*TO DO:* For the records below, tally the lines that include the word "standard" and report the number alone.

*DATA EXCERPTS:*
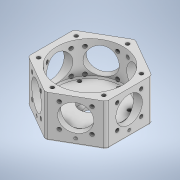
# Autodesk Inventor part: crankcase
Saved by Autodesk Inventor 2020 (Build 240168000, 168)
## iProperties
Created: 2020-08-05
Part Number: crankcase
Material: Generic
Document SubType Name: Modeling
Designer: benny
Density: 1 g/cm^3
Appearance: Default
Author: benny
Autodesk Inventor part; units mm, degrees
ref_plane "XZ Plane" through (0, 0, 0) normal (0, 1, 0) x (-1, 0, 0)
ref_plane "XY Plane" through (0, 0, 0) normal (0, 0, 1) x (1, 0, 0)
sketch "Sketch1" plane through (0, 0, 0) normal (0, 1, 0) x (-1, 0, 0)
  line L0 (0, -61.1991) -> (-53, -30.5996)
  line L1 (-53, -30.5996) -> (-53, 30.5996)
  line L2 (-53, 30.5996) -> (0, 61.1991)
  line L3 (0, 61.1991) -> (53, 30.5996)
  line L4 (53, 30.5996) -> (53, -30.5996)
  line L5 (53, -30.5996) -> (0, -61.1991)
  point P0 (0, 0)
  point P1 (0, 0)
  point P2 (26.5, -45.8993)
  dimension "d1" = 0
  dimension "d2" = 0
  constraints: 12 end point, 1 midpoint, 1 vertical, 13 other
  measures "d1" distance of point (0, 0) point (0, 0)
  measures "d2" distance of point (0, 0) point (0, 0)
extrude "Extrusion1" add sketch "Sketch1" along normal blind 57
sketch "Sketch2" plane through (0, 57, 0) normal (0, 1, 0) x (1, 0, 0)
  circle A0 centre (0, 0) radius 45
  dimension "d5" = 90
  constraints: 1 centre point, 1 coincident
  measures "d5" diameter of A0
extrude "Extrusion2" cut sketch "Sketch2" against normal blind 45
sketch "Sketch5" plane through (0, 0, 0) normal (0, 0, 1) x (1, 0, 0)
  line L0 (-45, 12) -> (45, 12) projected
  line L1 (45, 12) -> (45, 14)
  line L2 (45, 57) -> (45, 12) projected
  line L3 (44.3429, 12) -> (42.3429, 12)
  line L4 (42.3429, 12) -> (44.3429, 14)
  line L5 (44.3429, 14) -> (44.3429, 12)
  line L6 (0, -11.4) -> (0, 68.4) projected
  point P0 (0, 0)
  dimension "d11" = 2
  dimension "d12" = 2
  constraints: 8 end point, 3 point on line, 1 perpendicular
  measures "d11" distance of L0.end L1.end
  measures "d12" distance of L3.start L3.end
revolve "Revolution1" add sketch "Sketch5" angle 360 about axis through (0, -10, 0) along (0, 1, 0)
fillet "Fillet1" radius 5 6 edges at (-53, 28.5, -30.5996) (-53, 28.5, 30.5996) (0, 28.5, -61.1991) (53, 28.5, -30.5996) (0, 28.5, 61.1991) (53, 28.5, 30.5996)
fillet "Fillet2" radius 2 12 edges at (0, 0, 60.4256) (26.5, 0, 45.8993) (52.3301, 0, 30.2128) (53, 0, 0) (52.3301, 0, -30.2128) (26.5, 0, -45.8993) (0, 0, -60.4256) (-26.5, 0, -45.8993) (-52.3301, 0, -30.2128) (-53, 0, 0) (-52.3301, 0, 30.2128) (-26.5, 0, 45.8993)
sketch "Sketch6" plane through (0, 0, 0) normal (0, -1, 0) x (1, 0, 0)
  circle A0 centre (0, 0) radius 7
  dimension "d16" = 14
  constraints: 1 centre point, 1 coincident
  measures "d16" diameter of A0
extrude "Extrusion3" cut sketch "Sketch6" against normal blind 4
sketch "Sketch8" plane through (0, 12, 0) normal (0, 1, 0) x (1, 0, 0)
  circle A0 centre (0, 0) radius 7 projected
  circle A1 centre (0, 0) radius 14
  dimension "d22" = 28
  constraints: 1 centre point, 1 coincident
  measures "d22" diameter of A1
extrude "Extrusion5" cut sketch "Sketch8" against normal blind 8 contours A0 | A1
sketch "Sketch9" plane through (2.5, 2, -59.7558) normal (0.5, 0, -0.8660254) x (-0.8660254, 0, -0.5)
  line L0 (-72.7128, 55) -> (17.2872, 55) projected
  line L1 (-27.7128, 55) -> (-27.7128, 30)
  circle A0 centre (-27.7128, 30) radius 18
  point P0 (-27.7128, -2)
  dimension "d25" = 25
  dimension "d26" = 36
  constraints: 2 end point, 1 centre point, 1 coincident, 1 midpoint, 1 vertical
  measures "d25" distance of L1.start L1.end
  measures "d26" diameter of A0
extrude "Extrusion6" cut sketch "Sketch9" against normal blind 17.525
pattern_circular "Circular Pattern1" count 6 over 360 about axis through (0, 57, 0) along (0, -1, 0) of "Extrusion6"
sketch "Sketch10" plane through (0, 57, 0) normal (0, 1, 0) x (1, 0, 0)
  circle A0 centre (0, 0) radius 7 projected
  line L0 (0, 0) -> (0, 51)
  dimension "d32" = 51
  constraints: 2 end point, 1 vertical
  measures "d32" distance of L0.start L0.end
hole "Hole1" at (0, 57, -51) direction (0, -1, 0) diameter 4.917 depth 17.1 tip angle 118 thread size "M6x1" class "6H" standard "ISO Metric profile"
pattern_circular "Circular Pattern2" count 6 over 360 about axis through (0, 57, 0) along (0, -1, 0) of "Hole1"
ref_plane "Work Plane1" through (0, 8, 0) normal (0, -1, 0) x (1, 0, 0)
sketch "Sketch14" plane through (-53, 57, -27.7128) normal (-1, 0, 0) x (0, 0, 1)
  circle A0 centre (27.7128, -49) radius 2
  point P0 (27.7128, -57)
  dimension "d52" = 4
  constraints: 1 centre point
  measures "d52" diameter of A0
extrude "Extrusion8" cut sketch "Sketch14" against normal blind 36
sketch "Sketch16" plane through (0, 0, 0) normal (0, -1, 0) x (1, 0, 0)
  line L0 (0, 0) -> (-20, 0)
  circle A0 centre (-20, 0) radius 2
  dimension "d56" = 20
  dimension "d57" = 4
  constraints: 2 end point, 1 centre point, 1 coincident, 1 horizontal
  measures "d56" distance of L0.start L0.end
  measures "d57" diameter of A0
extrude "Extrusion9" cut sketch "Sketch16" against normal blind 8
pattern_circular "Circular Pattern4" count 6 over 360 about axis through (0, 0, 0) along (0, 1, 0) of "Extrusion8", "Extrusion9"
sketch "Sketch17" plane through (0, 0, 0) normal (0, -1, 0) x (1, 0, 0)
  line L0 (0, 0) -> (0, 39)
  dimension "d63" = 39
  constraints: 2 end point, 1 vertical
  measures "d63" distance of L0.start L0.end
hole "Hole2" at (0, 0, 39) direction (0, 1, 0) diameter 4.917 depth 17.1 tip angle 118 thread size "M6x1" class "6H" standard "ISO Metric profile"
pattern_circular "Circular Pattern5" count 6 over 360 about axis through (0, 0, 0) along (0, 1, 0) of "Hole2"
ref_plane "Work Plane2" through (53, 0, 0) normal (1, 0, 0) x (0, 1, 0)
sketch "Sketch20" plane through (53, 57, 27.7128) normal (1, 0, 0) x (0, 0, -1)
  circle A0 centre (27.7128, -25) radius 18 projected
  line L0 (27.7128, -25) -> (43.9763, -41.2635)
  line L1 (27.7128, -25) -> (50.7128, -25) construction
  point P0 (27.7128, -57)
  dimension "d75" = 23
  dimension "d76" = 45
  constraints: 4 end point, 1 equal length, 1 horizontal
  measures "d75" distance of L0.start L0.end
  measures "d76" angle of L0 L1
hole "Hole3" at (53, 15.7365, -16.2635) direction (-1, 0, 0) diameter 4.917 depth 17.1 tip angle 118 thread size "M6x1" class "6H" standard "ISO Metric profile"
pattern_circular "Circular Pattern6" count 4 over 360 about axis through (53, 32, 0) along (-1, 0, 0) of "Hole3"
pattern_circular "Circular Pattern7" count 6 over 360 about axis through (0, 0, 0) along (0, 1, 0) of "Hole3", "Circular Pattern6"
body "Solid1"

*REPLY:* 3